In the past two days I read Becoming Conversant with the Emerging Church by D.A. Carson, who is research professor of New Testament at Trinity Evangelical Divinity School.
Carson begins with a careful look at postmodernism, of which the main issue is epistemology (the study of how we know things or think we know things.) He sees a significant difference between what you might call soft postmodernism and hard postmodernisn.
He then goes on to summarize the main features of the emerging church movement. He acknowledges the important things this movement has to say to the rest of Christianity and then details the movement’s glaring weakness: its reluctance to wrestle with the category of truth, the ungenerous characterization of its opponents, its shallow treatment of postmodernism, and the distortion of facts, evidence, arguments and Scripture.
Because Brian McLaren is recognized as the preeminent thinker and writer of the emerging or emergent movement, Carson gives extensive space to a critique of McLaren’s writings.
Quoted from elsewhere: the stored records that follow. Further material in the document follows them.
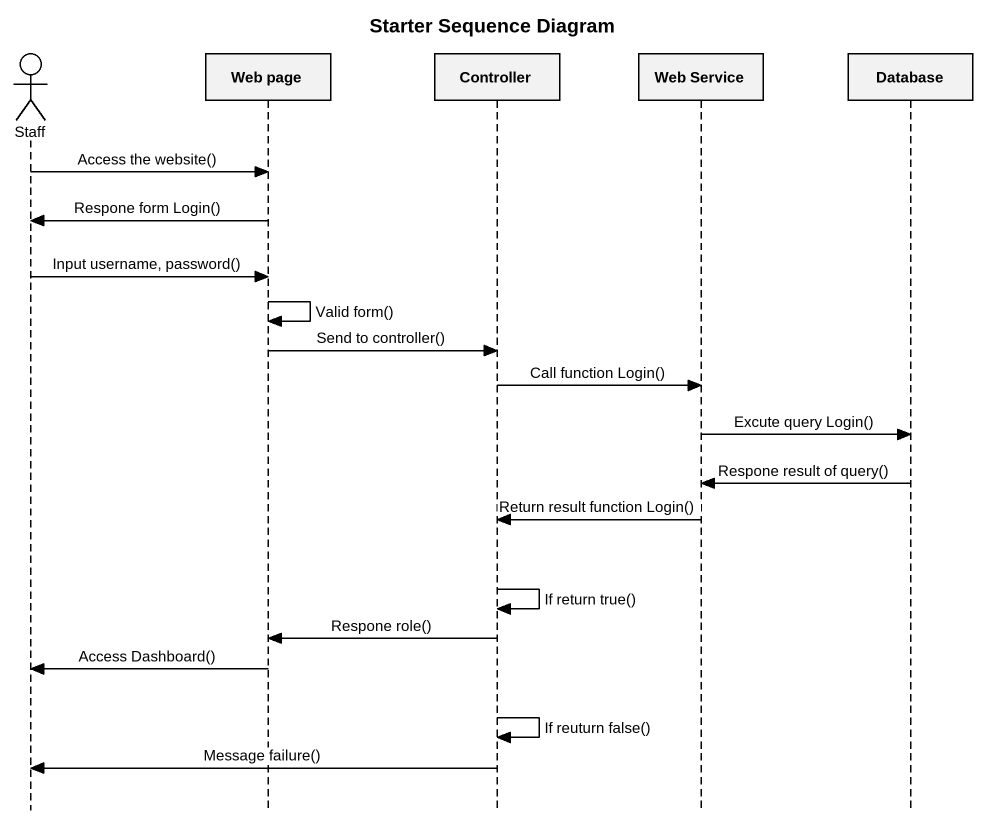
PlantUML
@startuml
title Starter Sequence Diagram
hide footbox
actor Staff
participant "Web page" as Web_page
participant Controller
participant "Web Service" as Web_Service
participant "Database" as Database_

Staff -> Web_page : Access the website()
Web_page -> Staff : Respone form Login()
Staff -> Web_page : Input username, password()
Web_page -> Web_page : Valid form()
Web_page -> Controller : Send to controller()
Controller -> Web_Service : Call function Login()
Web_Service -> Database_ : Excute query Login()
Database_ -> Web_Service : Respone result of query()
Web_Service -> Controller : Return result function Login()
Controller -> Controller : If return true()
Controller -> Web_page : Respone role()
Web_page -> Staff : Access Dashboard()
Controller -> Controller : If reuturn false()
Controller -> Staff : Message failure()
@enduml

He notes several things to be appreciated about McLaren but also does not hesitate to identify what he regards as serious problems.
About McLarens’ book A Generous Orthodoxy Carson says: “Every chapter has some useful insights, and every chapter overstates arguments, distorts history, attaches excessively negative terms to all the things with which McLaren disagrees…and almost never engages the Scriptures except occasionally in prooftexting ways.” Page 180.
What are you learning about the emerging church? What do you see of strengths and weaknesses?